Point-counterpoint: Spooky Movies
Halloween is just around the corner. The haunted holiday has a handful of fun traditions.
Every person has a different way to celebrate, but one of the biggest and most exciting is watching scary movies.
As a people, we have an inherent desire to feel thrills, whether it’s death-defying skydives out of a plane or a rollercoaster, we want to feel that excitement. One way to feel that is to watch scary flicks. Nothing gets you going more than a slasher with the lights off.
Scary movies have been around for years. In fact, the first motion picture is considered a horror film. It was an eight-second clip of a train rounding a corner towards the camera. The audience was so terrified, the clip was banned from a few of the fairs and carnivals it was supposed to be shown at.
With that in mind, imagine how successful that feeling of fear and anxiety must have been for cinema to continue and grow into the giant-media platform it is today. Horror is the godfather of modern entertainment.
Not everyone enjoys being frozen by fear in a crowded theater, but horror branches into several sub-genres that reaches all audiences. Some movies are made to absolutely terrify audiences to the point they are scared to leave the theater, but there’s also movies that are more story driven with more spaced out scares to allow and audience to feel scared without needing security to escort them out of the theater. There’s also gory-stories that are all about blood and guts, but that’s a niche audience.

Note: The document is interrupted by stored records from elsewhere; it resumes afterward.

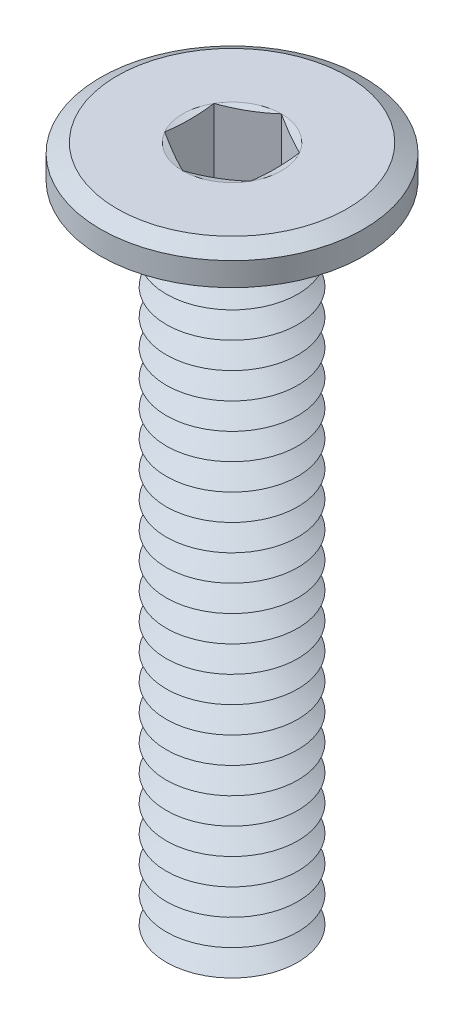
ISO-10303-21;
HEADER;
FILE_DESCRIPTION(('STEP AP214'),'2;1');
FILE_NAME('part.step','',(''),(''),'','','');
FILE_SCHEMA(('AUTOMOTIVE_DESIGN { 1 0 10303 214 1 1 1 1 }'));
ENDSEC;
DATA;
#1=APPLICATION_CONTEXT('core data for automotive mechanical design processes');
#2=APPLICATION_PROTOCOL_DEFINITION('international standard','automotive_design',2000,#1);
#3=PRODUCT_CONTEXT('',#1,'mechanical');
#4=PRODUCT('Part','Part','',(#3));
#5=PRODUCT_RELATED_PRODUCT_CATEGORY('part','',(#4));
#6=PRODUCT_DEFINITION_FORMATION('','',#4);
#7=PRODUCT_DEFINITION_CONTEXT('part definition',#1,'design');
#8=PRODUCT_DEFINITION('design','',#6,#7);
#9=PRODUCT_DEFINITION_SHAPE('','',#8);
#10=(LENGTH_UNIT() NAMED_UNIT(*) SI_UNIT(.MILLI.,.METRE.));
#11=(NAMED_UNIT(*) PLANE_ANGLE_UNIT() SI_UNIT($,.RADIAN.));
#12=(NAMED_UNIT(*) SI_UNIT($,.STERADIAN.) SOLID_ANGLE_UNIT());
#13=UNCERTAINTY_MEASURE_WITH_UNIT(LENGTH_MEASURE(1.E-05),#10,'distance_accuracy_value','');
#14=(GEOMETRIC_REPRESENTATION_CONTEXT(3) GLOBAL_UNCERTAINTY_ASSIGNED_CONTEXT((#13)) GLOBAL_UNIT_ASSIGNED_CONTEXT((#10,
#11,#12)) REPRESENTATION_CONTEXT('',''));
#15=CARTESIAN_POINT('',(0.,0.,0.));
#16=DIRECTION('',(0.,0.,1.));
#17=DIRECTION('',(1.,0.,0.));
#18=AXIS2_PLACEMENT_3D('',#15,#16,#17);
#19=CARTESIAN_POINT('',(0.,-9.9,0.));
#20=DIRECTION('',(0.,-1.,0.));
#21=DIRECTION('',(0.,0.,-1.));
#22=AXIS2_PLACEMENT_3D('',#19,#20,#21);
#23=CONICAL_SURFACE('',#22,1.,1.0471975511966);
#24=CARTESIAN_POINT('',(0.,-9.7,0.));
#25=DIRECTION('',(0.,1.,0.));
#26=DIRECTION('',(0.,0.,1.));
#27=AXIS2_PLACEMENT_3D('',#24,#25,#26);
#28=CIRCLE('',#27,0.653589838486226);
#29=CARTESIAN_POINT('',(0.,-9.7,0.653589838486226));
#30=VERTEX_POINT('',#29);
#31=EDGE_CURVE('E545',#30,#30,#28,.T.);
#32=ORIENTED_EDGE('',*,*,#31,.F.);
#33=EDGE_LOOP('',(#32));
#34=FACE_BOUND('',#33,.T.);
#35=CARTESIAN_POINT('',(0.,-9.9,0.));
#36=DIRECTION('',(0.,1.,0.));
#37=DIRECTION('',(0.,0.,1.));
#38=AXIS2_PLACEMENT_3D('',#35,#36,#37);
#39=CIRCLE('',#38,1.);
#40=CARTESIAN_POINT('',(0.,-9.9,1.));
#41=VERTEX_POINT('',#40);
#42=EDGE_CURVE('E548',#41,#41,#39,.T.);
#43=ORIENTED_EDGE('',*,*,#42,.T.);
#44=EDGE_LOOP('',(#43));
#45=FACE_BOUND('',#44,.T.);
#46=ADVANCED_FACE('F39',(#34,#45),#23,.T.);
#47=CARTESIAN_POINT('',(0.,-9.7,0.));
#48=DIRECTION('',(0.,1.,0.));
#49=DIRECTION('',(0.,0.,1.));
#50=AXIS2_PLACEMENT_3D('',#47,#48,#49);
#51=CONICAL_SURFACE('',#50,0.653589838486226,1.0471975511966);
#52=CARTESIAN_POINT('',(0.,-9.5,0.));
#53=DIRECTION('',(0.,1.,0.));
#54=DIRECTION('',(0.,0.,1.));
#55=AXIS2_PLACEMENT_3D('',#52,#53,#54);
#56=CIRCLE('',#55,1.);
#57=CARTESIAN_POINT('',(0.,-9.5,1.));
#58=VERTEX_POINT('',#57);
#59=EDGE_CURVE('E541',#58,#58,#56,.T.);
#60=ORIENTED_EDGE('',*,*,#59,.F.);
#61=EDGE_LOOP('',(#60));
#62=FACE_BOUND('',#61,.T.);
#63=ORIENTED_EDGE('',*,*,#31,.T.);
#64=EDGE_LOOP('',(#63));
#65=FACE_BOUND('',#64,.T.);
#66=ADVANCED_FACE('F232',(#62,#65),#51,.T.);
#67=CARTESIAN_POINT('',(0.,-10.5,0.));
#68=DIRECTION('',(0.,-1.,0.));
#69=DIRECTION('',(0.,0.,-1.));
#70=AXIS2_PLACEMENT_3D('',#67,#68,#69);
#71=PLANE('',#70);
#72=CARTESIAN_POINT('',(0.,-10.5,0.));
#73=DIRECTION('',(0.,1.,0.));
#74=DIRECTION('',(0.,0.,1.));
#75=AXIS2_PLACEMENT_3D('',#72,#73,#74);
#76=CIRCLE('',#75,0.653589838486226);
#77=CARTESIAN_POINT('',(0.,-10.5,0.653589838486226));
#78=VERTEX_POINT('',#77);
#79=EDGE_CURVE('E299',#78,#78,#76,.T.);
#80=ORIENTED_EDGE('',*,*,#79,.F.);
#81=EDGE_LOOP('',(#80));
#82=FACE_BOUND('',#81,.T.);
#83=ADVANCED_FACE('F238',(#82),#71,.T.);
#84=CARTESIAN_POINT('',(0.,-10.5,0.));
#85=DIRECTION('',(0.,1.,0.));
#86=DIRECTION('',(0.,0.,1.));
#87=AXIS2_PLACEMENT_3D('',#84,#85,#86);
#88=CONICAL_SURFACE('',#87,0.653589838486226,1.0471975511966);
#89=CARTESIAN_POINT('',(0.,-10.3,0.));
#90=DIRECTION('',(0.,1.,0.));
#91=DIRECTION('',(0.,0.,1.));
#92=AXIS2_PLACEMENT_3D('',#89,#90,#91);
#93=CIRCLE('',#92,1.);
#94=CARTESIAN_POINT('',(0.,-10.3,1.));
#95=VERTEX_POINT('',#94);
#96=EDGE_CURVE('E556',#95,#95,#93,.T.);
#97=ORIENTED_EDGE('',*,*,#96,.F.);
#98=EDGE_LOOP('',(#97));
#99=FACE_BOUND('',#98,.T.);
#100=ORIENTED_EDGE('',*,*,#79,.T.);
#101=EDGE_LOOP('',(#100));
#102=FACE_BOUND('',#101,.T.);
#103=ADVANCED_FACE('F253',(#99,#102),#88,.T.);
#104=CARTESIAN_POINT('',(0.,-10.3,0.));
#105=DIRECTION('',(0.,-1.,0.));
#106=DIRECTION('',(0.,0.,-1.));
#107=AXIS2_PLACEMENT_3D('',#104,#105,#106);
#108=CONICAL_SURFACE('',#107,1.,1.0471975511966);
#109=CARTESIAN_POINT('',(0.,-10.1,0.));
#110=DIRECTION('',(0.,1.,0.));
#111=DIRECTION('',(0.,0.,1.));
#112=AXIS2_PLACEMENT_3D('',#109,#110,#111);
#113=CIRCLE('',#112,0.653589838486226);
#114=CARTESIAN_POINT('',(0.,-10.1,0.653589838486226));
#115=VERTEX_POINT('',#114);
#116=EDGE_CURVE('E552',#115,#115,#113,.T.);
#117=ORIENTED_EDGE('',*,*,#116,.F.);
#118=EDGE_LOOP('',(#117));
#119=FACE_BOUND('',#118,.T.);
#120=ORIENTED_EDGE('',*,*,#96,.T.);
#121=EDGE_LOOP('',(#120));
#122=FACE_BOUND('',#121,.T.);
#123=ADVANCED_FACE('F249',(#119,#122),#108,.T.);
#124=CARTESIAN_POINT('',(0.,-10.1,0.));
#125=DIRECTION('',(0.,1.,0.));
#126=DIRECTION('',(0.,0.,1.));
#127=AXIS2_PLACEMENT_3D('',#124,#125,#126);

The scary movie genre has also spawned into full blown experiences during the Halloween season. Haunted houses, haunted mazes, themed amusement park attractions and full-blown horror conventions. What’s more Halloween than all of that? Utah’s biggest amusement park Lagoon hosts its Frightmates event the entire month of October, inviting guests to re-experience the park with a scary twist.
If you need more proof that scary movies are THE Halloween staple, take the amount of films based around the holiday into consideration. The king of Halloween, Michael Myers, has 11 films under his belt, all with the name Halloween right in the title. The “All Hallows Eve” series contains four films that take place on Halloween. Even some of the biggest paranormal movies have a Halloween date, “The Exorcist” is a Halloween classic. Even in 2019, “Scary Stories to tell in the dark” revolves around the thirty-first of October.
With all of that evidence, it seems the horror genre earned a place among the Halloween festivities. If watching a spooky flick isn’t on your agenda this year, put aside a few hours and get your thrills and your kills from a film classic. Scare safely out there. Happy Halloween.